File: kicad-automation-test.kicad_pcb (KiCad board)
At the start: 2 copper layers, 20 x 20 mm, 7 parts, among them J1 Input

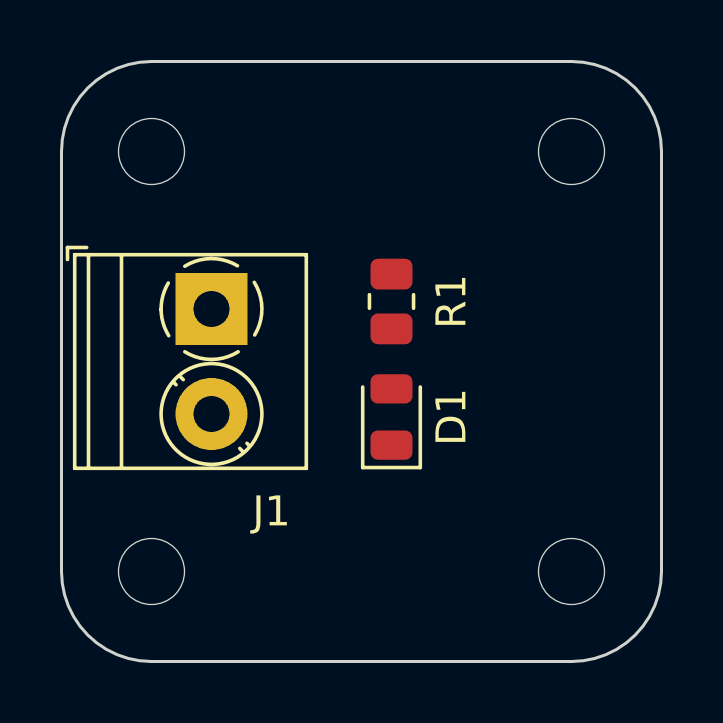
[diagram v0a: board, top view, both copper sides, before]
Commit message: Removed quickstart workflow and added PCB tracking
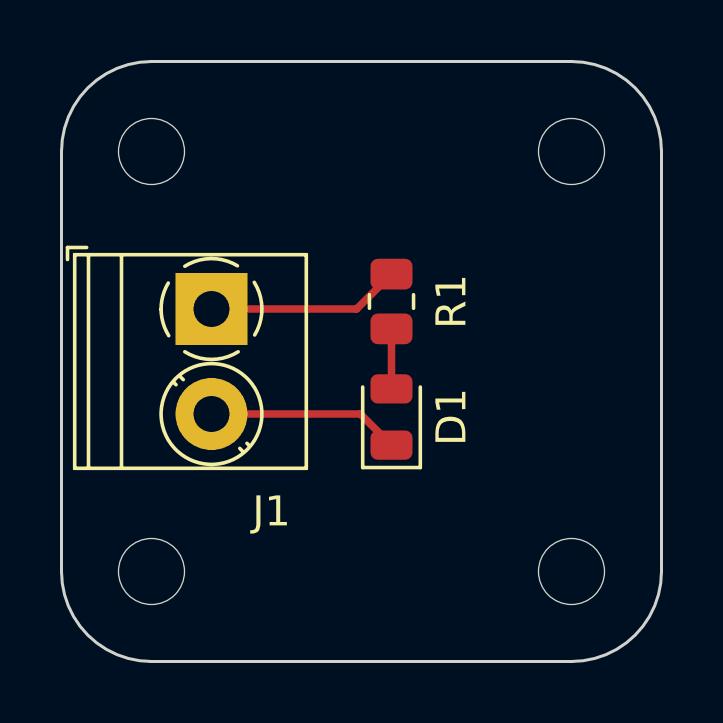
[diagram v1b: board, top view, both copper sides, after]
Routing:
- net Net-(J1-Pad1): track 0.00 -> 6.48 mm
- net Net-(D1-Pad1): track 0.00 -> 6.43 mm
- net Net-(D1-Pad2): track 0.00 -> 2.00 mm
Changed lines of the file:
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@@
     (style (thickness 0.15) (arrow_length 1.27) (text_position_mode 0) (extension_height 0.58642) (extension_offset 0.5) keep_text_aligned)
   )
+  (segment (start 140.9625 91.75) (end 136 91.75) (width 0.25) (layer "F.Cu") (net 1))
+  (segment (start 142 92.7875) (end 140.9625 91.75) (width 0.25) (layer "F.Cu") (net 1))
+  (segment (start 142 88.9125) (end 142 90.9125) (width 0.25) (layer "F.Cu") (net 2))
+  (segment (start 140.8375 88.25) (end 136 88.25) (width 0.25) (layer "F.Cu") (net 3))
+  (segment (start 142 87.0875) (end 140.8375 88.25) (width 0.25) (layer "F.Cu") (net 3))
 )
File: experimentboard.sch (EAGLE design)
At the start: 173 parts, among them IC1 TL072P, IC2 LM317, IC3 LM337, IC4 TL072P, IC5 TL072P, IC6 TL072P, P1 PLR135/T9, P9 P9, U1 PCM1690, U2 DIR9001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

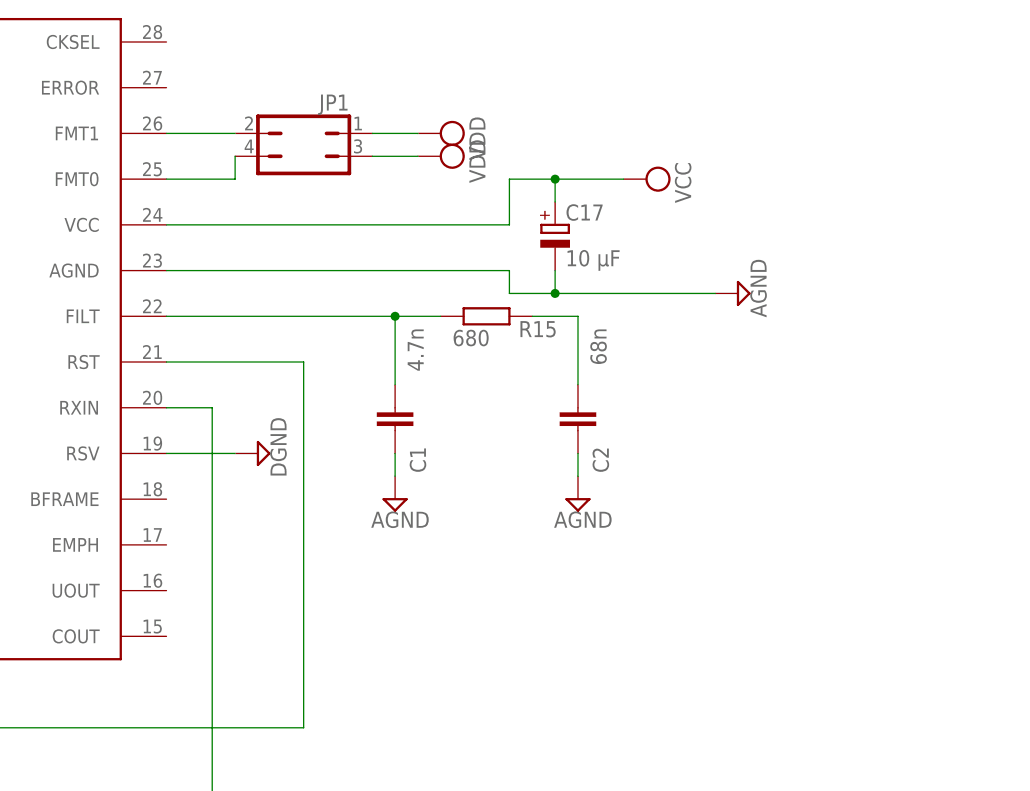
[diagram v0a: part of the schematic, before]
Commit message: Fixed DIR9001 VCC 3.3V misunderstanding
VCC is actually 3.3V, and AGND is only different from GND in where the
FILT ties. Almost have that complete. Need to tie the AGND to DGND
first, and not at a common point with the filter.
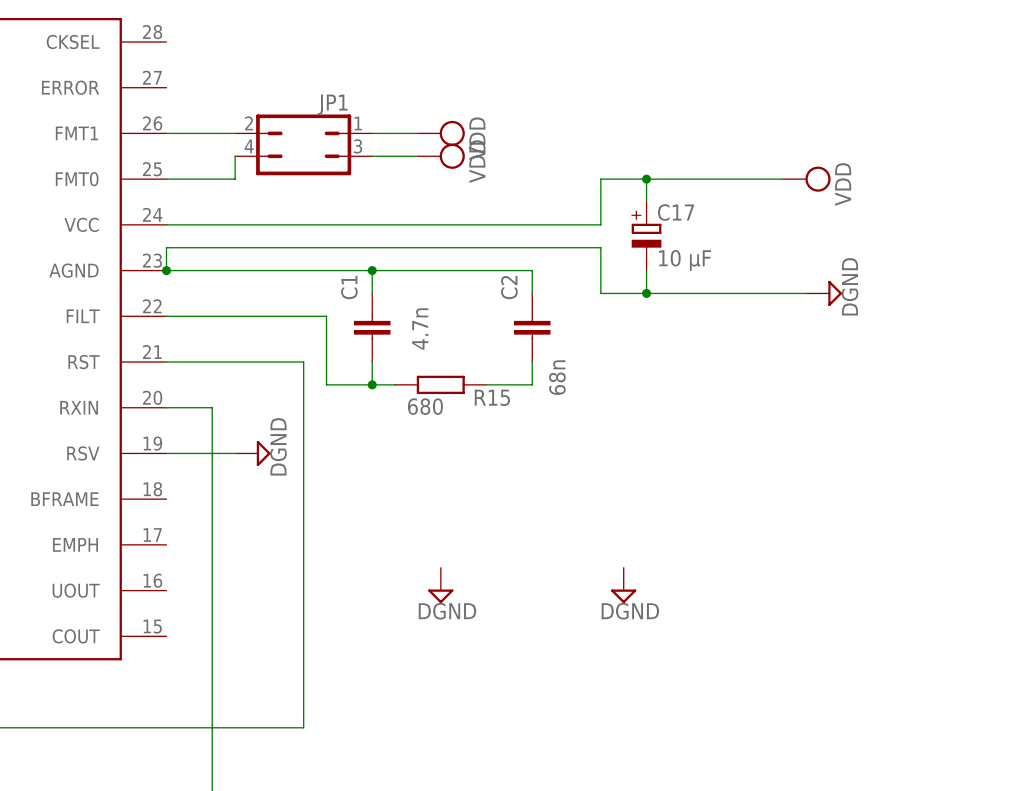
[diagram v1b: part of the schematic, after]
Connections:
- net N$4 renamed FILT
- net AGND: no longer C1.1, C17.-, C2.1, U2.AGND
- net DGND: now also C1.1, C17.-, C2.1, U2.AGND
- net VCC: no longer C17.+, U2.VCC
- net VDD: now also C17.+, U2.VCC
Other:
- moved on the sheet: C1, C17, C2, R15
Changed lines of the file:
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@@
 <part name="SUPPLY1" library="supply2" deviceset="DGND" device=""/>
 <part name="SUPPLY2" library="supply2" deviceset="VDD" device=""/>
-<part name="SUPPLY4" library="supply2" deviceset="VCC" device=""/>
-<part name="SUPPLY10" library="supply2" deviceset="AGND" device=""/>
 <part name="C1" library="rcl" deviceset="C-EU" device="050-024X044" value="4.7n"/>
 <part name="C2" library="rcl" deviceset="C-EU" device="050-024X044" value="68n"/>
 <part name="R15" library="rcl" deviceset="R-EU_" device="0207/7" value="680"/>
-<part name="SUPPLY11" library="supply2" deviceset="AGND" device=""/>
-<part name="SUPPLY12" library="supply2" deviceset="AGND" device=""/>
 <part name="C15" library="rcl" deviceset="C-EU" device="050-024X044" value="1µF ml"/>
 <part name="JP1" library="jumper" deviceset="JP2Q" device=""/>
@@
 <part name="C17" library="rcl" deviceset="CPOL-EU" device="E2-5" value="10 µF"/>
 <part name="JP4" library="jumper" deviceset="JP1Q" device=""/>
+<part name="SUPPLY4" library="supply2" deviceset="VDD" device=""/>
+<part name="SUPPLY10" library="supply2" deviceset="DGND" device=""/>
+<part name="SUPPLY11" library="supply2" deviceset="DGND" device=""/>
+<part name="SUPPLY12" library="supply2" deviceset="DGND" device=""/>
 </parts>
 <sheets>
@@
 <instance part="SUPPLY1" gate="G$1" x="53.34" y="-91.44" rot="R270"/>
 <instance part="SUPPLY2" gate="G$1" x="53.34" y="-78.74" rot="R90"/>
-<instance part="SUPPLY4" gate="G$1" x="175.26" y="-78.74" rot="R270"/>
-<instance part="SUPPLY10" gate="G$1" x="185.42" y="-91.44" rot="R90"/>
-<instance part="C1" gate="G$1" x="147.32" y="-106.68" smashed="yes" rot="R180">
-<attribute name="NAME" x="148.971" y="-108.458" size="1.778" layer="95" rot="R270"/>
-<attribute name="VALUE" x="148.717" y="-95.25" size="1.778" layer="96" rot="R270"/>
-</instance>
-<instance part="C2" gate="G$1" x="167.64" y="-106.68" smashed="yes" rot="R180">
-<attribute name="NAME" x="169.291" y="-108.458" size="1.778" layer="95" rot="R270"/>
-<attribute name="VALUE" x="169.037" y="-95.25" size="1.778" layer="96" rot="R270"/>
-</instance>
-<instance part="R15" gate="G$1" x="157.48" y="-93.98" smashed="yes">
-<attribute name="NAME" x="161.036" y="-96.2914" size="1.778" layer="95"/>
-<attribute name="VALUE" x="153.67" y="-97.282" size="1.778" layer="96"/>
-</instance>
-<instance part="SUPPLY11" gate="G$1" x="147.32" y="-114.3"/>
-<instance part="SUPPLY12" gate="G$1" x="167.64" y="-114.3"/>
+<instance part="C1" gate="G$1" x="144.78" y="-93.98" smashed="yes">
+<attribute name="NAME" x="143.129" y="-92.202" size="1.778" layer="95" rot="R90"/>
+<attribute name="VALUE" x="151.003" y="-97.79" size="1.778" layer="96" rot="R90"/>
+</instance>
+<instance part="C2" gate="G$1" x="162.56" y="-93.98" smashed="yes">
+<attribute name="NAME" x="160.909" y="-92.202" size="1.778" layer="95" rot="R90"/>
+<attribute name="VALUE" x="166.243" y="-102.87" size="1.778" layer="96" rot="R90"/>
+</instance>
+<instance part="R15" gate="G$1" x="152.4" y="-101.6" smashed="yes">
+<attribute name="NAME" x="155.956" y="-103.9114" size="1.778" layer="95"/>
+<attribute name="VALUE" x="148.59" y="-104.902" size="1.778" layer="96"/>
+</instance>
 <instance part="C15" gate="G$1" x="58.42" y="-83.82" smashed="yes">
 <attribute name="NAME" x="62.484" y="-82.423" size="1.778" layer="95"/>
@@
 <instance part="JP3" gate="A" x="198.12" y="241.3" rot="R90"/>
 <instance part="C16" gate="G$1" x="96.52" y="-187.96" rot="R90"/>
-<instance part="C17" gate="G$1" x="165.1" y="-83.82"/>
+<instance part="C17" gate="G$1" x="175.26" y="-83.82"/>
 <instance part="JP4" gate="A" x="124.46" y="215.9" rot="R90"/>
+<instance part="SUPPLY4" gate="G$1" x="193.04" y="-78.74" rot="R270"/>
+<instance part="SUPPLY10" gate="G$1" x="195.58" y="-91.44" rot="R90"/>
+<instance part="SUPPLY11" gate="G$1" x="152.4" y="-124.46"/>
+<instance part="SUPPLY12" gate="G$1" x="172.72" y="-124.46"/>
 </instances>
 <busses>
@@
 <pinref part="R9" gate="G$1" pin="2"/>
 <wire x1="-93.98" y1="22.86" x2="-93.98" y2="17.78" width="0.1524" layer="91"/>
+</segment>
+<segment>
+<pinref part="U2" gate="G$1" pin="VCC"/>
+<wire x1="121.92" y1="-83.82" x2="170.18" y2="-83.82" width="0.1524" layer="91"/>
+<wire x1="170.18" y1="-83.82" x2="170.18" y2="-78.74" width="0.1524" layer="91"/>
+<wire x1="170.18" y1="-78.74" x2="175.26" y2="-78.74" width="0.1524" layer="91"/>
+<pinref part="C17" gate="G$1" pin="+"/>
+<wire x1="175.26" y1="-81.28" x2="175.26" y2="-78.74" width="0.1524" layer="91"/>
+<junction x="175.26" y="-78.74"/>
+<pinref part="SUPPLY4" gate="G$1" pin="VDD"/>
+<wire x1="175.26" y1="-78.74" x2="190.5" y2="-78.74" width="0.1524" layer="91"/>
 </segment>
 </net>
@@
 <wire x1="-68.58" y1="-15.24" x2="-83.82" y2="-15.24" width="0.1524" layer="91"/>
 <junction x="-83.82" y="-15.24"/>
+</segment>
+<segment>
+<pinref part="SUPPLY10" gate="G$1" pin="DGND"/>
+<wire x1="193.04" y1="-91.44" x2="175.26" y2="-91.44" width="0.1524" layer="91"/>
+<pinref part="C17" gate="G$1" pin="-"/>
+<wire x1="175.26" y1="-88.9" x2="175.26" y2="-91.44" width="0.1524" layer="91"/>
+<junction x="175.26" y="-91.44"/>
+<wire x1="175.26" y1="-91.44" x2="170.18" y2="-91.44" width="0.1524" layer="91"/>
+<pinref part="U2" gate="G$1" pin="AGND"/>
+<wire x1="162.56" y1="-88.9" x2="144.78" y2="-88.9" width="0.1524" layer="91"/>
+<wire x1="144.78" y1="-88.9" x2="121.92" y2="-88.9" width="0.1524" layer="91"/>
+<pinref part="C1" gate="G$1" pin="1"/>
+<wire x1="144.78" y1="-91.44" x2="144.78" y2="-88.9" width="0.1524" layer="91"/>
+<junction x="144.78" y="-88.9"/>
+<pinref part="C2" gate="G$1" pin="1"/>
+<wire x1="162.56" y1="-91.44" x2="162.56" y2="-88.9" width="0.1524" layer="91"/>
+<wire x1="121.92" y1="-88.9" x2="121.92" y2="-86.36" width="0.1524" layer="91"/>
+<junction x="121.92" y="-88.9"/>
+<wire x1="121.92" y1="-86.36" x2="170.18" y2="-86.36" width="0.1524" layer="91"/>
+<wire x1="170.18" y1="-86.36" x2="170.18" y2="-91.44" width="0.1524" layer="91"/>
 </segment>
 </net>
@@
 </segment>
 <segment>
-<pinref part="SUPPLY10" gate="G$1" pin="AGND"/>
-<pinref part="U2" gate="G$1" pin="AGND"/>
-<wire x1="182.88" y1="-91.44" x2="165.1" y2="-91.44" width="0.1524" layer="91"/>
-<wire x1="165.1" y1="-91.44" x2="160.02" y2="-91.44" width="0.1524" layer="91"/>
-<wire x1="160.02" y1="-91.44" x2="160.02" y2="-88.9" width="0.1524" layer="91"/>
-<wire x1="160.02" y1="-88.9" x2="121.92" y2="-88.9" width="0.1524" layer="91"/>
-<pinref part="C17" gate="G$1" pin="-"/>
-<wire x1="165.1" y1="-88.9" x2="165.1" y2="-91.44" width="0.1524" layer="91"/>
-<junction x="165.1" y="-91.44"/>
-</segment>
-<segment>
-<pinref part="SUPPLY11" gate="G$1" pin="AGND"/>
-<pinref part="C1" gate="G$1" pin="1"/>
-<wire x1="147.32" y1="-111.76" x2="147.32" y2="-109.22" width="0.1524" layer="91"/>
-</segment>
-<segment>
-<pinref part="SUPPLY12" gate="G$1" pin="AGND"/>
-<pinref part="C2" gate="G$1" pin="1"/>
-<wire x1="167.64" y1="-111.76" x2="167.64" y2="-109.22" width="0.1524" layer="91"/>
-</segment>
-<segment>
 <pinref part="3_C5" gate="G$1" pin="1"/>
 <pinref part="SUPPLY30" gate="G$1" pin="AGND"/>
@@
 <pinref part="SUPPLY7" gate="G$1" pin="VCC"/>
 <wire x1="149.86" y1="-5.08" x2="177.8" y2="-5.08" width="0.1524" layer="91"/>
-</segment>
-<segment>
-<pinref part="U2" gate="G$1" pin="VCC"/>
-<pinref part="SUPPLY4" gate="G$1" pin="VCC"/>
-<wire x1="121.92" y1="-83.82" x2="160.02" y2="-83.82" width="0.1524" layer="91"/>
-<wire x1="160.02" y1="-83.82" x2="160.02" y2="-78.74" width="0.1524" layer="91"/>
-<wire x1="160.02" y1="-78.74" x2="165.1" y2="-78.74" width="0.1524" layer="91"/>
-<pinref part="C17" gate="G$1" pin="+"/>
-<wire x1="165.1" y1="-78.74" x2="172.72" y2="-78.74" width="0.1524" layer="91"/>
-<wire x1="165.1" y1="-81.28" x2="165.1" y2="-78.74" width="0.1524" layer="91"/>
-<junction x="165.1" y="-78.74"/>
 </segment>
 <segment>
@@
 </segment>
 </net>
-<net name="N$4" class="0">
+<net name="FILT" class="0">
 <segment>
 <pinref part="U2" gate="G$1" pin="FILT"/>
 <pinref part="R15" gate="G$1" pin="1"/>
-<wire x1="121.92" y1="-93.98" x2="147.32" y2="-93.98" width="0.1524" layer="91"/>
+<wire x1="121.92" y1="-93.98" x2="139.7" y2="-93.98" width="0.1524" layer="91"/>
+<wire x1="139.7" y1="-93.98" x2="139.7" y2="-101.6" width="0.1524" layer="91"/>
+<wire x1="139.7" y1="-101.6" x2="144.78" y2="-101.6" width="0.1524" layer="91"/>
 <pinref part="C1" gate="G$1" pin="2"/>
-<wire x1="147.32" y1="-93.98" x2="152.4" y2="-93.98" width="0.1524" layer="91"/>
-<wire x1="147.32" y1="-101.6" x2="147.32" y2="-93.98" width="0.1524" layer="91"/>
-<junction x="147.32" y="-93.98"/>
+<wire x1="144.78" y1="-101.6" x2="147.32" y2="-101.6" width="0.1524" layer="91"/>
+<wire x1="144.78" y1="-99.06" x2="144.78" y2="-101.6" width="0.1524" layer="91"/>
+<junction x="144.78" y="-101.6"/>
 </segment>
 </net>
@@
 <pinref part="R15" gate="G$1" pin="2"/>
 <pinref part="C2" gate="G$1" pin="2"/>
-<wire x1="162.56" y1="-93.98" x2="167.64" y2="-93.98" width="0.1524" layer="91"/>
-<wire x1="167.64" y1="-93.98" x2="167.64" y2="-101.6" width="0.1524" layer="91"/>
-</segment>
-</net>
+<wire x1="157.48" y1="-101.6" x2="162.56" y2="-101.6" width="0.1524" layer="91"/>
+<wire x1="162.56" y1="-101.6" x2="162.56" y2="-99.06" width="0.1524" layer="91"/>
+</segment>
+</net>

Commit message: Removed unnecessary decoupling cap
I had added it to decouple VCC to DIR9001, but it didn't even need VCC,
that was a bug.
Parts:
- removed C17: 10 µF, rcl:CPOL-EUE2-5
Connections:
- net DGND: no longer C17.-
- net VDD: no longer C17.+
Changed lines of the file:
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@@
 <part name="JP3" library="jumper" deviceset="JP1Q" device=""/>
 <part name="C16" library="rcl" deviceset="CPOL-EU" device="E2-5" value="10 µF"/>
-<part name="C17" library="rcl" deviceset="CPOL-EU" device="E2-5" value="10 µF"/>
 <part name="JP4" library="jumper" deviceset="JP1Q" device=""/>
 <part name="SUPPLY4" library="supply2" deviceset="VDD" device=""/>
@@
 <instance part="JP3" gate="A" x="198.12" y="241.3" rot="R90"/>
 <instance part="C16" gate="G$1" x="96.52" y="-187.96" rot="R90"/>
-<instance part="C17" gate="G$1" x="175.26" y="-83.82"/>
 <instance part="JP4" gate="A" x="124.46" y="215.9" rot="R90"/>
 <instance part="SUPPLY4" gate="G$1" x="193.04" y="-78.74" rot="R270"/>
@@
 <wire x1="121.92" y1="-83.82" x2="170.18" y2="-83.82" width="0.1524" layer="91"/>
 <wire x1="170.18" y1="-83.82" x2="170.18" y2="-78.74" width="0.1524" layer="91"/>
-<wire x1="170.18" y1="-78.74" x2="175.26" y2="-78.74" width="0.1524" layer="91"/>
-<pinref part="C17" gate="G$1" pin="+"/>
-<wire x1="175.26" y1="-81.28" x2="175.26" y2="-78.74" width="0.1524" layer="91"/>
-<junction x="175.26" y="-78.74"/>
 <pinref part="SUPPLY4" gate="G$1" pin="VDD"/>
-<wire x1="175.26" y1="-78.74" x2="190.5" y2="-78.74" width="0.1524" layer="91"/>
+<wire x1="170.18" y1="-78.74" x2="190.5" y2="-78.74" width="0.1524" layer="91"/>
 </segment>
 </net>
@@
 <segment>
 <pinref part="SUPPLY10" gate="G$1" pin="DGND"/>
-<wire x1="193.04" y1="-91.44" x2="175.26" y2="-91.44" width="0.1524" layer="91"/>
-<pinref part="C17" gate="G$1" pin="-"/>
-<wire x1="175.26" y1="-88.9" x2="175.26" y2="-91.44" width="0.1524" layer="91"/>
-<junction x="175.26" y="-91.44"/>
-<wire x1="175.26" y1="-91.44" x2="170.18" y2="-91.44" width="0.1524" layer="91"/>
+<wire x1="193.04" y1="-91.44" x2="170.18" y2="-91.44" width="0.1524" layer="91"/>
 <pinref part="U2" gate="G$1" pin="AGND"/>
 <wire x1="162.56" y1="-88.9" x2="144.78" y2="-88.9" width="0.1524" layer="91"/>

=-=-=

> [TASK STATEMENT]: For the word "copper", show every line of the entries that holds it.

> [ANSWER TO THIS EXERCISE]:
At the start: 2 copper layers, 20 x 20 mm, 7 parts, among them J1 Input
[diagram v0a: board, top view, both copper sides, before]
[diagram v1b: board, top view, both copper sides, after]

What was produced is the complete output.